■ Task brief ■
Pick the lines holding the string "yscale" out of the records and copy them.

■ Exercise data ■

☆ ☆ ☆

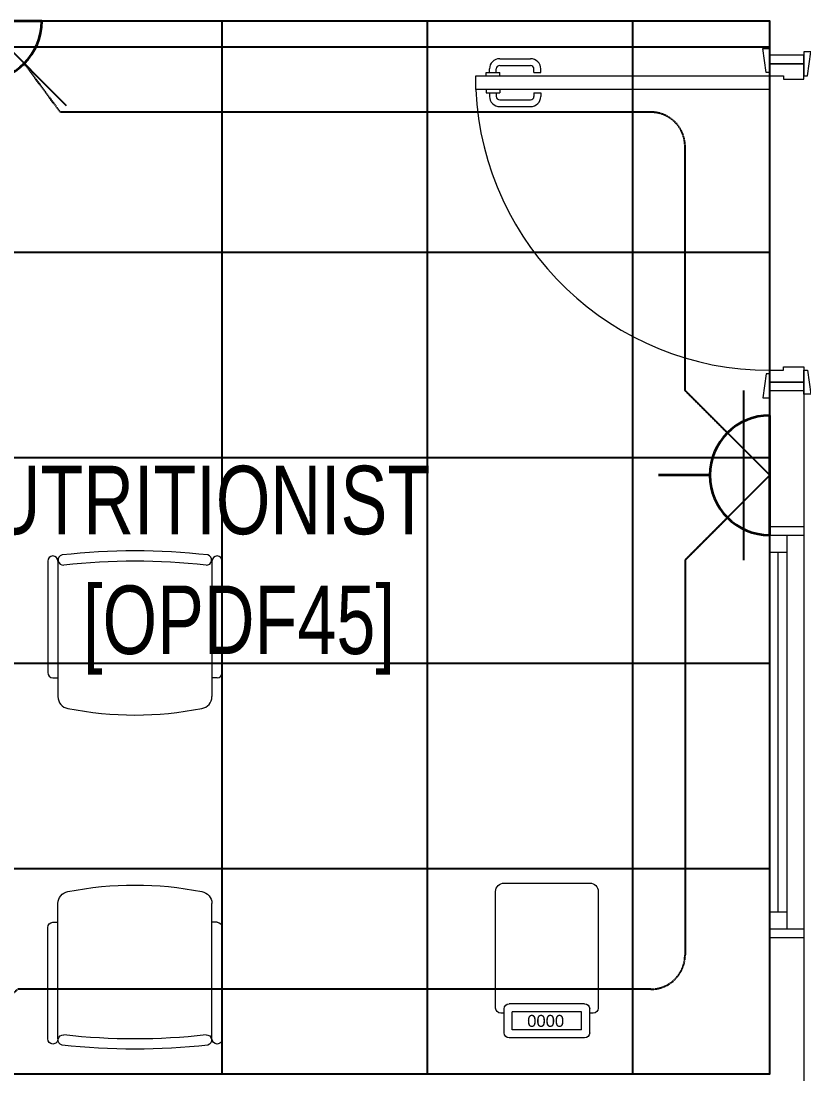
# Model space of a CAD drawing. Extents: x -12260 to 57327, y -29287 to 19916.
# Drawn here: x 41288 to 43576, y 2360 to 5435 of the extents above; entities that cross this region are included whole.
import ezdxf
from ezdxf.enums import TextEntityAlignment as Align

# ---------------------------------------------------------------- set-up
doc = ezdxf.new("R2010")
doc.units = 0
doc.header["$LTSCALE"] = 0.25
doc.linetypes.add('DASHDOT', pattern=[25.4, 12.7, -6.35, 0, -6.35])
doc.linetypes.add('HIDDEN', pattern=[9.525, 6.35, -3.175])
for name, color, linetype, lineweight in [('01-First Floor-FUR$0$72_EGR_BASE_TEXT', 252, 'Continuous', 5), ('01-First Floor-FUR$0$Aluminum', 251, 'Continuous', 5), ('01-First Floor-FUR$0$LOADING', 253, 'Continuous', 5), ('01-First Floor-FUR$0$Walls', 251, 'Continuous', 5), ('01-First Floor-FUR$0$Wooden Joinery', 251, 'Continuous', 5), ('E-LITE-CLNG-CNDT', 6, 'DASHDOT', 35), ('E-LITE-EXIT-NUMB', 6, 'Continuous', 25), ('E-POWR-FLOR-CNDT', 6, 'HIDDEN', 25), ('E-POWR-WALL @ 100', 4, 'Continuous', 35)]:
    doc.layers.add(name, color=color, linetype=linetype, lineweight=lineweight)
doc.layers.add('01-First Floor-FUR$0$FALSE CEILING', color=251, linetype='Continuous')
doc.layers.add('01-First Floor-FUR$0$TME-NON MEDICAL FURNITURE', color=242, linetype='Continuous')
doc.styles.add('01-First Floor-FUR$0$Standard', font='arial.ttf')
doc.styles.add('01-First Floor-FUR$0$X3G_ENTITY_9EC9', font='swisscl.ttf', dxfattribs={"height": 0.2})
doc.styles.add('01-First Floor-FUR$0$X3G_ENTITY_9F38', font='swisscl.ttf', dxfattribs={"height": 0.2})
doc.styles.add('DC_SIMPLEX', font='SIMPLEX.shx', dxfattribs={"width": 0.7})

# ---------------------------------------------------------------- blocks, each defined once
blk = doc.blocks.new('01-First Floor-FUR$0$A$C72370EFE')
at = {"layer": '01-First Floor-FUR$0$Wooden Joinery'}
for p, q in [((-0.01, -0.03), (-0.01, -0.07)), ((0, -0.03), (-0.01, -0.03)), ((0.04, -0.03), (0.05, -0.03)), ((0.05, -0.03), (0.05, -0.07)), ((-0.01, -0.04), (-0.02, -0.04)), ((-0.01, -0.06), (-0.02, -0.06)), ((0.05, -0.04), (0.06, -0.04)), ((0.05, -0.06), (0.06, -0.06)), ((-0.05, -0.07), (-0.05, -0.16)), ((-0.03, -0.07), (-0.03, -0.16)), ((0, -0.07), (-0.01, -0.07)), ((0.04, -0.07), (0.05, -0.07)), ((0.07, -0.07), (0.07, -0.16)), ((0.09, -0.07), (0.09, -0.16)), ((-0.01, -0.17), (-0.02, -0.17)), ((-0.01, -0.17), (-0.01, -0.19)), ((0.05, -0.17), (0.06, -0.17)), ((0.05, -0.17), (0.05, -0.19)), ((-0.01, -0.19), (-0.02, -0.19)), ((0.05, -0.19), (0.06, -0.19))]:
    blk.add_line(p, q, dxfattribs=at)
for centre, radius, start, end in [((-0.02, -0.07), 0.03, 90, 180), ((-0.02, -0.07), 0.01, 90, 180), ((0.06, -0.07), 0.03, 0, 90), ((0.06, -0.07), 0.01, 0, 90), ((-0.02, -0.16), 0.03, 180, 270), ((-0.02, -0.16), 0.01, 180, 270), ((0.06, -0.16), 0.01, 270, 0), ((0.06, -0.16), 0.03, 270, 0)]:
    blk.add_arc(centre, radius, start, end, dxfattribs=at)
blk = doc.blocks.new('01-First Floor-FUR$0$A$C5DAD61B4')
at = {"layer": '01-First Floor-FUR$0$Wooden Joinery'}
for points in [[(80, 959.1), (80, 969.1), (10, 979.1), (10, 959.1)], [(940, 959.1), (940, 969.1), (1010, 979.1), (1010, 959.1)], [(70, 859.1), (70, 849.1), (0, 839.1), (0, 859.1)], [(120, 859.1), (120, 0), (80, 0), (80, 859.1)], [(950, 859.1), (950, 849.1), (1020, 839.1), (1020, 859.1)]]:
    blk.add_lwpolyline(points, close=True, dxfattribs=at)
for points in [[(45, 859.1), (45, 959.1), (20, 959.1), (20, 859.1), (45, 859.1)], [(45, 859.1), (80, 859.1), (80, 899.1), (90, 899.1), (90, 959.1), (45, 959.1), (45, 859.1)], [(975, 859.1), (940, 859.1), (940, 899.1), (930, 899.1), (930, 959.1), (975, 959.1), (975, 859.1)], [(975, 859.1), (975, 959.1), (1000, 959.1), (1000, 859.1), (975, 859.1)]]:
    blk.add_lwpolyline(points, dxfattribs=at)
blk.add_arc((80, 859.1), 860, 272.666, 0, dxfattribs=at)
at = {"layer": '01-First Floor-FUR$0$Wooden Joinery', "xscale": 999.9999999998854, "yscale": 999.9999999998854, "zscale": 999.9999999998854, "rotation": 180}
blk.add_blockref('01-First Floor-FUR$0$A$C72370EFE', (120, 0), dxfattribs=at)
blk = doc.blocks.new('01-First Floor-FUR$0$GF21016-P')
at = {"layer": '01-First Floor-FUR$0$LOADING', "extrusion": (-1.24384e-09, -1.20261e-09, -1)}
for p, q in [((0.0128, 0.0179), (0.0128, 0.4136)), ((0.4628, 0.0179), (0.4628, 0.4136)), ((-0.0172, 0.0179), (-0.0172, 0.3435)), ((-0.0022, 0.3585), (0.0128, 0.3585)), ((0.4778, 0.3585), (0.4628, 0.3585)), ((0.4928, 0.0179), (0.4928, 0.3435)), ((0.4778, 0.0029), (0.4778, 0.0029))]:
    blk.add_line(p, q, dxfattribs=at)
for centre, radius, start, end in [((-0.2378, -0.5362), 1.0036, 78.7568, 101.2432), ((-0.0478, 0.4136), 0.035, 0, 80.6557), ((-0.4278, 0.4136), 0.035, 99.3443, 180), ((0.0022, 0.3435), 0.015, 0, 90), ((-0.4778, 0.3435), 0.015, 90, 180), ((0.0022, 0.0179), 0.015, 270, 0), ((0.0022, 0.0179), 0.015, 180, 270), ((-0.0284, 0.0145), 0.015, 284.3864, 95.5209), ((-0.2378, 1.8734), 1.8855, 263.5119, 276.4881), ((-0.2378, 1.8928), 1.8749, 263.6341, 276.3659), ((-0.4471, 0.0145), 0.015, 84.4791, 255.6136), ((-0.4778, 0.0179), 0.015, 270, 0), ((-0.4778, 0.0179), 0.015, 180, 270)]:
    blk.add_arc(centre, radius, start, end, dxfattribs=at)
blk = doc.blocks.new('01-First Floor-FUR$0$HF13461A-P')
at = {"layer": '01-First Floor-FUR$0$LOADING'}
for p, q in [((0.0229, 0.4353), (0.0229, 0.3653)), ((0.2579, 0.4503), (0.0379, 0.4503)), ((0.2729, 0.4353), (0.2729, 0.3653)), ((0.2493, 0.4266), (0.0466, 0.4266)), ((0.0466, 0.4266), (0.0466, 0.3739)), ((0.2493, 0.4266), (0.2493, 0.3739)), ((0.0229, 0.3778), (0.0129, 0.3778)), ((0.2493, 0.3739), (0.0466, 0.3739)), ((0.2829, 0.3778), (0.2729, 0.3778)), ((-0.0021, 0.3628), (-0.0021, 0.0228)), ((0.2579, 0.3503), (0.0379, 0.3503)), ((0.2979, 0.0228), (0.2979, 0.3628)), ((0.0229, -0.0022), (0.2729, -0.0022))]:
    blk.add_line(p, q, dxfattribs=at)
for centre, radius, start, end in [((0.0379, 0.4353), 0.015, 90, 180), ((0.2579, 0.4353), 0.015, 0, 90), ((0.0129, 0.3628), 0.015, 90, 180), ((0.2829, 0.3628), 0.015, 0, 90), ((0.0379, 0.3653), 0.015, 180, 270), ((0.2579, 0.3653), 0.015, 270, 0), ((0.0229, 0.0228), 0.025, 180, 270), ((0.2729, 0.0228), 0.025, 270, 0)]:
    blk.add_arc(centre, radius, start, end, dxfattribs=at)
at = {"layer": '01-First Floor-FUR$0$LOADING', "style": '01-First Floor-FUR$0$Standard'}
blk.add_text('0000', height=0.03477, dxfattribs=at).set_placement((0.0901, 0.3829))
blk = doc.blocks.new('01-First Floor-FUR$0$A$C37be4daf')
at = {"layer": '01-First Floor-FUR$0$Aluminum'}
for p, q in [((1416, 598.2), (216, 598.2)), ((241, 498.2), (241, 598.2)), ((291, 548.2), (291, 598.2)), ((1341, 548.2), (1341, 598.2)), ((1391, 498.2), (1391, 598.2)), ((291, 573.2), (1341, 573.2)), ((1391, 548.2), (241, 548.2)), ((1416, 498.2), (216, 498.2))]:
    blk.add_line(p, q, dxfattribs=at)
at = {"layer": '01-First Floor-FUR$0$Walls'}
for p, q in [((216, 498.2), (216, 598.2)), ((1416, 498.2), (1416, 598.2))]:
    blk.add_line(p, q, dxfattribs=at)
blk = doc.blocks.new('01-First Floor-FUR')
at = {"layer": '01-First Floor-FUR$0$FALSE CEILING', "linetype": 'Continuous'}
for p, q in [((41876, 2360), (41876, 5435)), ((42476, 2360), (42476, 5435)), ((43076, 2360), (43076, 5435)), ((39476, 5360), (43476, 5360)), ((39476, 4760), (43476, 4760)), ((39476, 4160), (43476, 4160)), ((39476, 3560), (43476, 3560)), ((39476, 2960), (43476, 2960))]:
    blk.add_line(p, q, dxfattribs=at)
at = {"layer": '01-First Floor-FUR$0$FALSE CEILING'}
blk.add_lwpolyline([(39476, 2360), (43476, 2360), (43476, 5435), (39476, 5435)], close=True, dxfattribs=at)
at = {"layer": '01-First Floor-FUR$0$Walls'}
for p, q in [((43476, 5435), (39476, 5435)), ((43476, 5435), (43476, 5335)), ((43576, 5335), (43476, 5335)), ((43476, 4355), (43476, 2360)), ((43576, 4355), (43476, 4355)), ((43576, 4355), (43576, 2160)), ((43476, 2360), (39476, 2360))]:
    blk.add_line(p, q, dxfattribs=at)
at = {"rotation": 90}
blk.add_blockref('01-First Floor-FUR$0$A$C37be4daf', (44074.2, 2541.5), dxfattribs=at)
at = {"layer": '01-First Floor-FUR$0$LOADING', "lineweight": 0, "xscale": -1000, "yscale": 1000, "zscale": 1000, "rotation": 180}
blk.add_blockref('01-First Floor-FUR$0$HF13461A-P', (42677, 2915.3, -0.1), dxfattribs=at)
at = {"layer": '01-First Floor-FUR$0$TME-NON MEDICAL FURNITURE', "color": 1, "extrusion": (2.67576e-11, -2.24019e-05, 1), "xscale": -1000.000000000004, "yscale": 1000.000000000004, "zscale": -1000.000000000004, "rotation": 180.0000251123528}
blk.add_blockref('01-First Floor-FUR$0$GF21016-P', (41383, 3875.6, -0.2), dxfattribs=at)
at = {"layer": '01-First Floor-FUR$0$TME-NON MEDICAL FURNITURE', "color": 1, "extrusion": (2.67576e-11, 2.24019e-05, 1), "xscale": 1000.000000000004, "yscale": 1000.000000000004, "zscale": -1000.000000000002, "rotation": 359.9999748876472}
blk.add_blockref('01-First Floor-FUR$0$GF21016-P', (41383, 2444.4, 0), dxfattribs=at)
at = {"layer": '01-First Floor-FUR$0$Wooden Joinery', "rotation": 270}
blk.add_blockref('01-First Floor-FUR$0$A$C5DAD61B4', (42616.9, 5355), dxfattribs=at)
at = {"layer": '01-First Floor-FUR$0$72_EGR_BASE_TEXT', "char_height": 200, "attachment_point": 2}
for s, insert, style in [('HOSPITAL NUTRITIONIST', (41230.7, 4136.2, 0), '01-First Floor-FUR$0$X3G_ENTITY_9EC9'), ('[OPDF45]', (41924.8, 3786.4), '01-First Floor-FUR$0$X3G_ENTITY_9F38')]:
    blk.add_mtext(s, dxfattribs=dict(at, insert=insert, style=style))
blk = doc.blocks.new('*U27')
blk.add_line((-1.75, 0), (-3.25, 0))
blk.add_lwpolyline([(0, 1.75, 1), (0, -1.75)], format="xyb", close=True)
at = {"layer": 'Defpoints'}
for p, q in [((-2.475, 2.475), (0, 0)), ((-0.758, -2.475), (-0.758, 2.475)), ((-2.475, -2.475), (0, 0))]:
    blk.add_line(p, q, dxfattribs=at)
at = {"layer": 'E-LITE-EXIT-NUMB', "style": 'DC_SIMPLEX', "width": 0.7, "flags": 8}
blk.add_attdef('TYPE', text='', height=2, rotation=360, dxfattribs=at).set_placement((-2.682, 5.238), align=Align.RIGHT)
blk.add_attdef('CIRCUIT', (2.682, 5.238), '', height=2, rotation=360, dxfattribs=at)
blk = doc.blocks.new('*U26')
blk.add_line((0, -1.75), (0, -3.25))
blk.add_lwpolyline([(-1.75, 0, 1), (1.75, 0)], format="xyb", close=True)
at = {"layer": 'Defpoints'}
for p, q in [((-2.475, -2.475), (0, 0)), ((2.475, -2.475), (0, 0)), ((2.475, -0.758), (-2.475, -0.758))]:
    blk.add_line(p, q, dxfattribs=at)
at = {"layer": 'E-LITE-EXIT-NUMB', "style": 'DC_SIMPLEX', "width": 0.7, "flags": 8}
blk.add_attdef('TYPE', text='', height=2, rotation=360, dxfattribs=at).set_placement((-2.682, 5.238), align=Align.RIGHT)
blk.add_attdef('CIRCUIT', (2.682, 5.238), '', height=2, rotation=360, dxfattribs=at)

msp = doc.modelspace()

# ---------------------------------------------------------------- linework, layer by layer
at = {"layer": 'E-POWR-FLOR-CNDT', "elevation": -0.1}
msp.add_lwpolyline([(43352.3, 4232.2), (43228.5, 4355.9), (43228.5, 5068.9, 0.414214), (43128.5, 5168.9), (41402.9, 5168.9), (41297.3, 5311.3)], format="xyb", dxfattribs=at)
at = {"layer": 'E-POWR-FLOR-CNDT'}
msp.add_lwpolyline([(43352.3, 3984.7), (43228.5, 3860.9), (43228.5, 2707.5, -0.414214), (43128.5, 2607.5), (41278.5, 2607.5), (41148.9, 2489.4)], format="xyb", dxfattribs=at)

# ---------------------------------------------------------------- block references
at = {"layer": 'E-LITE-CLNG-CNDT'}
msp.add_blockref('01-First Floor-FUR', (0, 0), dxfattribs=at)
at = {"layer": 'E-POWR-WALL @ 100', "xscale": 100, "yscale": 100, "zscale": 100}
for name, p in [('*U26', (41173.6, 5435)), ('*U27', (43476, 4108.4, -0.1))]:
    msp.add_blockref(name, p, dxfattribs=at)

doc.saveas('drawing.dxf')

☆ ☆ ☆

■ Written answer ■
at = {"layer": '01-First Floor-FUR$0$Wooden Joinery', "xscale": 999.9999999998854, "yscale": 999.9999999998854, "zscale": 999.9999999998854, "rotation": 180}
at = {"layer": '01-First Floor-FUR$0$LOADING', "lineweight": 0, "xscale": -1000, "yscale": 1000, "zscale": 1000, "rotation": 180}
at = {"layer": '01-First Floor-FUR$0$TME-NON MEDICAL FURNITURE', "color": 1, "extrusion": (2.67576e-11, -2.24019e-05, 1), "xscale": -1000.000000000004, "yscale": 1000.000000000004, "zscale": -1000.000000000004, "rotation": 180.0000251123528}
at = {"layer": '01-First Floor-FUR$0$TME-NON MEDICAL FURNITURE', "color": 1, "extrusion": (2.67576e-11, 2.24019e-05, 1), "xscale": 1000.000000000004, "yscale": 1000.000000000004, "zscale": -1000.000000000002, "rotation": 359.9999748876472}
at = {"layer": 'E-POWR-WALL @ 100', "xscale": 100, "yscale": 100, "zscale": 100}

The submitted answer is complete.